━━━ Records supplied ━━━

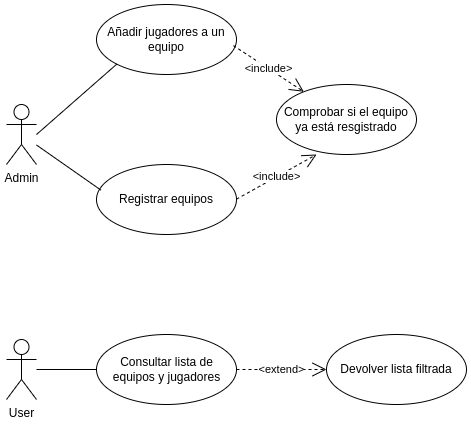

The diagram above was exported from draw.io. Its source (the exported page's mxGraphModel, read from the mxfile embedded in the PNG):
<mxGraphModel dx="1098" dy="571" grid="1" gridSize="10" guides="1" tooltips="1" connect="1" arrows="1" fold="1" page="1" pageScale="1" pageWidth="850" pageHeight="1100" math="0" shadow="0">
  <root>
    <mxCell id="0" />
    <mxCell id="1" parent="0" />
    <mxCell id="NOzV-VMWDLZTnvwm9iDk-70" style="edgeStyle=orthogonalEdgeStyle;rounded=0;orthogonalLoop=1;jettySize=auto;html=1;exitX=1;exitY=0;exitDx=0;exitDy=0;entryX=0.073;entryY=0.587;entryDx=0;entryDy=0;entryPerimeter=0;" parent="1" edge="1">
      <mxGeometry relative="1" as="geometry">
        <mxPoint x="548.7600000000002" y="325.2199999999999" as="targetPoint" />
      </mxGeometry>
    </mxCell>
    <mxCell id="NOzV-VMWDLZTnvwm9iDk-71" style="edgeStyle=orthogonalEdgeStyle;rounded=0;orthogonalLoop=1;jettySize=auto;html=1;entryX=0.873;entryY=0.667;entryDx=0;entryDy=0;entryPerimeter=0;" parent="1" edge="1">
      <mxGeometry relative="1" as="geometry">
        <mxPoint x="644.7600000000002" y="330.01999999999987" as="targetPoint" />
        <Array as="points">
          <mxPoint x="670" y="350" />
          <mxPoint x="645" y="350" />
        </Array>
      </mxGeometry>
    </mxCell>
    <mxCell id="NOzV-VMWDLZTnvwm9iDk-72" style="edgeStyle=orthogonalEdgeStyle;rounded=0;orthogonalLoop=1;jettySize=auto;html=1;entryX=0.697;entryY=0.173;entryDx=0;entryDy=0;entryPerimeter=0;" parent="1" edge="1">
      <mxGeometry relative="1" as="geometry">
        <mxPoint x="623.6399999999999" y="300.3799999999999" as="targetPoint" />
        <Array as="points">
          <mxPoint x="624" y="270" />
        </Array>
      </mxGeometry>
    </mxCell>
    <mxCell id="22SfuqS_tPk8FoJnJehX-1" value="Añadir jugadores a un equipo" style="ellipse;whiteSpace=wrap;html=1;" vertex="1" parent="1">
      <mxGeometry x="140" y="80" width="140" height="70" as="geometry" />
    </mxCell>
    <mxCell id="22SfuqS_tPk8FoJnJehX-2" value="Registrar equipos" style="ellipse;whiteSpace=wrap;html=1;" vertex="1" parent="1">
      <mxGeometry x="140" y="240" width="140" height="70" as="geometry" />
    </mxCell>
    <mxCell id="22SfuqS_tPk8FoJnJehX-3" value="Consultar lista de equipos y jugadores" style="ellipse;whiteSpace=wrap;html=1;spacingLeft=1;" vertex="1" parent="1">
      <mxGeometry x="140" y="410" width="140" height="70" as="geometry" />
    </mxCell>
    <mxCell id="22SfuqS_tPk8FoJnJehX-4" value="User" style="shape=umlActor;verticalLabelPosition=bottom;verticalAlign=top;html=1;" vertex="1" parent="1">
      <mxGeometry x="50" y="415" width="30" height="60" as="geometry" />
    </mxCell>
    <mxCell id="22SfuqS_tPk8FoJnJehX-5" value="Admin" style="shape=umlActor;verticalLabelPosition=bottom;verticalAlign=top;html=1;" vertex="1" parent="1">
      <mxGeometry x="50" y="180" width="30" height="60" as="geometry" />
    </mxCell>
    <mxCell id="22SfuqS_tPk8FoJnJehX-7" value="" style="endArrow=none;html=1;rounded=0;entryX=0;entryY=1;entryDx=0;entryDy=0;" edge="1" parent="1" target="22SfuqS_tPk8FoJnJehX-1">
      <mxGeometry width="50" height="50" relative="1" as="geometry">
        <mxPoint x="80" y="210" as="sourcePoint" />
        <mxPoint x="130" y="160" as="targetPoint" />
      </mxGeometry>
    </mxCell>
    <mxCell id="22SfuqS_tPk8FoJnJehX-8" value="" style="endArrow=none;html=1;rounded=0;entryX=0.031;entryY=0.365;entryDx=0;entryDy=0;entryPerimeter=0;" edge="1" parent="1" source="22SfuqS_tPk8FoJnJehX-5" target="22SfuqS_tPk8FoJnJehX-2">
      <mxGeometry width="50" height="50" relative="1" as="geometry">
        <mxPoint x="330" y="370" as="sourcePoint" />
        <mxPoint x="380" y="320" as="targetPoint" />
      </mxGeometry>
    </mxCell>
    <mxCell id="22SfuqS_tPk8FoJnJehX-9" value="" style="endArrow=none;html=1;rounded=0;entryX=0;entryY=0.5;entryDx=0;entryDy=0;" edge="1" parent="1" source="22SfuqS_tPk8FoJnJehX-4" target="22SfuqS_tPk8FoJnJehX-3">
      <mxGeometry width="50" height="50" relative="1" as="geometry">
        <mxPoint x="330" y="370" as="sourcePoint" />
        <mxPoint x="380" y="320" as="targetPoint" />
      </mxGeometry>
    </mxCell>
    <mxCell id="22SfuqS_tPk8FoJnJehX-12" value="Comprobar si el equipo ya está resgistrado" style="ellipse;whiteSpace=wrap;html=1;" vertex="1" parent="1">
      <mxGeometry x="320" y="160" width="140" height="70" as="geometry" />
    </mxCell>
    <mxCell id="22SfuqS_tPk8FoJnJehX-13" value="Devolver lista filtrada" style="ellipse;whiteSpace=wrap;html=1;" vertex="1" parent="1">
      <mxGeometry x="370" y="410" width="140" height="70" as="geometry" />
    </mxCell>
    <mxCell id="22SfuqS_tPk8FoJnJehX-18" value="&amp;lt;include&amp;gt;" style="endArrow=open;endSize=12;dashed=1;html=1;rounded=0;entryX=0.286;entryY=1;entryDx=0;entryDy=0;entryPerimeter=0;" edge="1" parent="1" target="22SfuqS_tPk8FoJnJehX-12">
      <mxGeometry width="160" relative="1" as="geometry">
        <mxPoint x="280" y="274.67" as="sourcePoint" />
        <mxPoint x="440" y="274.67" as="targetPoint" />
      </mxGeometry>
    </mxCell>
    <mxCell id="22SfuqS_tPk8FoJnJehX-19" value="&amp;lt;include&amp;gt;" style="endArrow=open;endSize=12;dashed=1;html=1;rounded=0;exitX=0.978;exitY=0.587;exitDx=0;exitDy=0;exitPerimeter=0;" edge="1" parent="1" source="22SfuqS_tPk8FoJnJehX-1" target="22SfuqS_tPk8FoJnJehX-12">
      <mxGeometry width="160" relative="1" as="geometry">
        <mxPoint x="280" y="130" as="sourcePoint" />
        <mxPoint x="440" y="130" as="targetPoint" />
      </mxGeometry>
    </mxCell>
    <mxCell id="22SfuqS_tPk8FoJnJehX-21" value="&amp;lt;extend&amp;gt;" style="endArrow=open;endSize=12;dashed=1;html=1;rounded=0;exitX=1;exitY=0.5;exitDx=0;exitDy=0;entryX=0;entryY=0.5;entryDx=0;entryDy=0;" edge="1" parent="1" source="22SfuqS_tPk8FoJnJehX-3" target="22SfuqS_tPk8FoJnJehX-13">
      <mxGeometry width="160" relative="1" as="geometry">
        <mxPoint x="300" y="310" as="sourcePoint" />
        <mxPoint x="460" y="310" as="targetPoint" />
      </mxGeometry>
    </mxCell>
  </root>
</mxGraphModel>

━━━

Exercise objective:
In your copy, include no pictures, but set down every record exactly.

Answer space:
The diagram above was exported from draw.io. Its source (the exported page's mxGraphModel, read from the mxfile embedded in the PNG):
<mxGraphModel dx="1098" dy="571" grid="1" gridSize="10" guides="1" tooltips="1" connect="1" arrows="1" fold="1" page="1" pageScale="1" pageWidth="850" pageHeight="1100" math="0" shadow="0">
  <root>
    <mxCell id="0" />
    <mxCell id="1" parent="0" />
    <mxCell id="NOzV-VMWDLZTnvwm9iDk-70" style="edgeStyle=orthogonalEdgeStyle;rounded=0;orthogonalLoop=1;jettySize=auto;html=1;exitX=1;exitY=0;exitDx=0;exitDy=0;entryX=0.073;entryY=0.587;entryDx=0;entryDy=0;entryPerimeter=0;" parent="1" edge="1">
      <mxGeometry relative="1" as="geometry">
        <mxPoint x="548.7600000000002" y="325.2199999999999" as="targetPoint" />
      </mxGeometry>
    </mxCell>
    <mxCell id="NOzV-VMWDLZTnvwm9iDk-71" style="edgeStyle=orthogonalEdgeStyle;rounded=0;orthogonalLoop=1;jettySize=auto;html=1;entryX=0.873;entryY=0.667;entryDx=0;entryDy=0;entryPerimeter=0;" parent="1" edge="1">
      <mxGeometry relative="1" as="geometry">
        <mxPoint x="644.7600000000002" y="330.01999999999987" as="targetPoint" />
        <Array as="points">
          <mxPoint x="670" y="350" />
          <mxPoint x="645" y="350" />
        </Array>
      </mxGeometry>
    </mxCell>
    <mxCell id="NOzV-VMWDLZTnvwm9iDk-72" style="edgeStyle=orthogonalEdgeStyle;rounded=0;orthogonalLoop=1;jettySize=auto;html=1;entryX=0.697;entryY=0.173;entryDx=0;entryDy=0;entryPerimeter=0;" parent="1" edge="1">
      <mxGeometry relative="1" as="geometry">
        <mxPoint x="623.6399999999999" y="300.3799999999999" as="targetPoint" />
        <Array as="points">
          <mxPoint x="624" y="270" />
        </Array>
      </mxGeometry>
    </mxCell>
    <mxCell id="22SfuqS_tPk8FoJnJehX-1" value="Añadir jugadores a un equipo" style="ellipse;whiteSpace=wrap;html=1;" vertex="1" parent="1">
      <mxGeometry x="140" y="80" width="140" height="70" as="geometry" />
    </mxCell>
    <mxCell id="22SfuqS_tPk8FoJnJehX-2" value="Registrar equipos" style="ellipse;whiteSpace=wrap;html=1;" vertex="1" parent="1">
      <mxGeometry x="140" y="240" width="140" height="70" as="geometry" />
    </mxCell>
    <mxCell id="22SfuqS_tPk8FoJnJehX-3" value="Consultar lista de equipos y jugadores" style="ellipse;whiteSpace=wrap;html=1;spacingLeft=1;" vertex="1" parent="1">
      <mxGeometry x="140" y="410" width="140" height="70" as="geometry" />
    </mxCell>
    <mxCell id="22SfuqS_tPk8FoJnJehX-4" value="User" style="shape=umlActor;verticalLabelPosition=bottom;verticalAlign=top;html=1;" vertex="1" parent="1">
      <mxGeometry x="50" y="415" width="30" height="60" as="geometry" />
    </mxCell>
    <mxCell id="22SfuqS_tPk8FoJnJehX-5" value="Admin" style="shape=umlActor;verticalLabelPosition=bottom;verticalAlign=top;html=1;" vertex="1" parent="1">
      <mxGeometry x="50" y="180" width="30" height="60" as="geometry" />
    </mxCell>
    <mxCell id="22SfuqS_tPk8FoJnJehX-7" value="" style="endArrow=none;html=1;rounded=0;entryX=0;entryY=1;entryDx=0;entryDy=0;" edge="1" parent="1" target="22SfuqS_tPk8FoJnJehX-1">
      <mxGeometry width="50" height="50" relative="1" as="geometry">
        <mxPoint x="80" y="210" as="sourcePoint" />
        <mxPoint x="130" y="160" as="targetPoint" />
      </mxGeometry>
    </mxCell>
    <mxCell id="22SfuqS_tPk8FoJnJehX-8" value="" style="endArrow=none;html=1;rounded=0;entryX=0.031;entryY=0.365;entryDx=0;entryDy=0;entryPerimeter=0;" edge="1" parent="1" source="22SfuqS_tPk8FoJnJehX-5" target="22SfuqS_tPk8FoJnJehX-2">
      <mxGeometry width="50" height="50" relative="1" as="geometry">
        <mxPoint x="330" y="370" as="sourcePoint" />
        <mxPoint x="380" y="320" as="targetPoint" />
      </mxGeometry>
    </mxCell>
    <mxCell id="22SfuqS_tPk8FoJnJehX-9" value="" style="endArrow=none;html=1;rounded=0;entryX=0;entryY=0.5;entryDx=0;entryDy=0;" edge="1" parent="1" source="22SfuqS_tPk8FoJnJehX-4" target="22SfuqS_tPk8FoJnJehX-3">
      <mxGeometry width="50" height="50" relative="1" as="geometry">
        <mxPoint x="330" y="370" as="sourcePoint" />
        <mxPoint x="380" y="320" as="targetPoint" />
      </mxGeometry>
    </mxCell>
    <mxCell id="22SfuqS_tPk8FoJnJehX-12" value="Comprobar si el equipo ya está resgistrado" style="ellipse;whiteSpace=wrap;html=1;" vertex="1" parent="1">
      <mxGeometry x="320" y="160" width="140" height="70" as="geometry" />
    </mxCell>
    <mxCell id="22SfuqS_tPk8FoJnJehX-13" value="Devolver lista filtrada" style="ellipse;whiteSpace=wrap;html=1;" vertex="1" parent="1">
      <mxGeometry x="370" y="410" width="140" height="70" as="geometry" />
    </mxCell>
    <mxCell id="22SfuqS_tPk8FoJnJehX-18" value="&amp;lt;include&amp;gt;" style="endArrow=open;endSize=12;dashed=1;html=1;rounded=0;entryX=0.286;entryY=1;entryDx=0;entryDy=0;entryPerimeter=0;" edge="1" parent="1" target="22SfuqS_tPk8FoJnJehX-12">
      <mxGeometry width="160" relative="1" as="geometry">
        <mxPoint x="280" y="274.67" as="sourcePoint" />
        <mxPoint x="440" y="274.67" as="targetPoint" />
      </mxGeometry>
    </mxCell>
    <mxCell id="22SfuqS_tPk8FoJnJehX-19" value="&amp;lt;include&amp;gt;" style="endArrow=open;endSize=12;dashed=1;html=1;rounded=0;exitX=0.978;exitY=0.587;exitDx=0;exitDy=0;exitPerimeter=0;" edge="1" parent="1" source="22SfuqS_tPk8FoJnJehX-1" target="22SfuqS_tPk8FoJnJehX-12">
      <mxGeometry width="160" relative="1" as="geometry">
        <mxPoint x="280" y="130" as="sourcePoint" />
        <mxPoint x="440" y="130" as="targetPoint" />
      </mxGeometry>
    </mxCell>
    <mxCell id="22SfuqS_tPk8FoJnJehX-21" value="&amp;lt;extend&amp;gt;" style="endArrow=open;endSize=12;dashed=1;html=1;rounded=0;exitX=1;exitY=0.5;exitDx=0;exitDy=0;entryX=0;entryY=0.5;entryDx=0;entryDy=0;" edge="1" parent="1" source="22SfuqS_tPk8FoJnJehX-3" target="22SfuqS_tPk8FoJnJehX-13">
      <mxGeometry width="160" relative="1" as="geometry">
        <mxPoint x="300" y="310" as="sourcePoint" />
        <mxPoint x="460" y="310" as="targetPoint" />
      </mxGeometry>
    </mxCell>
  </root>
</mxGraphModel>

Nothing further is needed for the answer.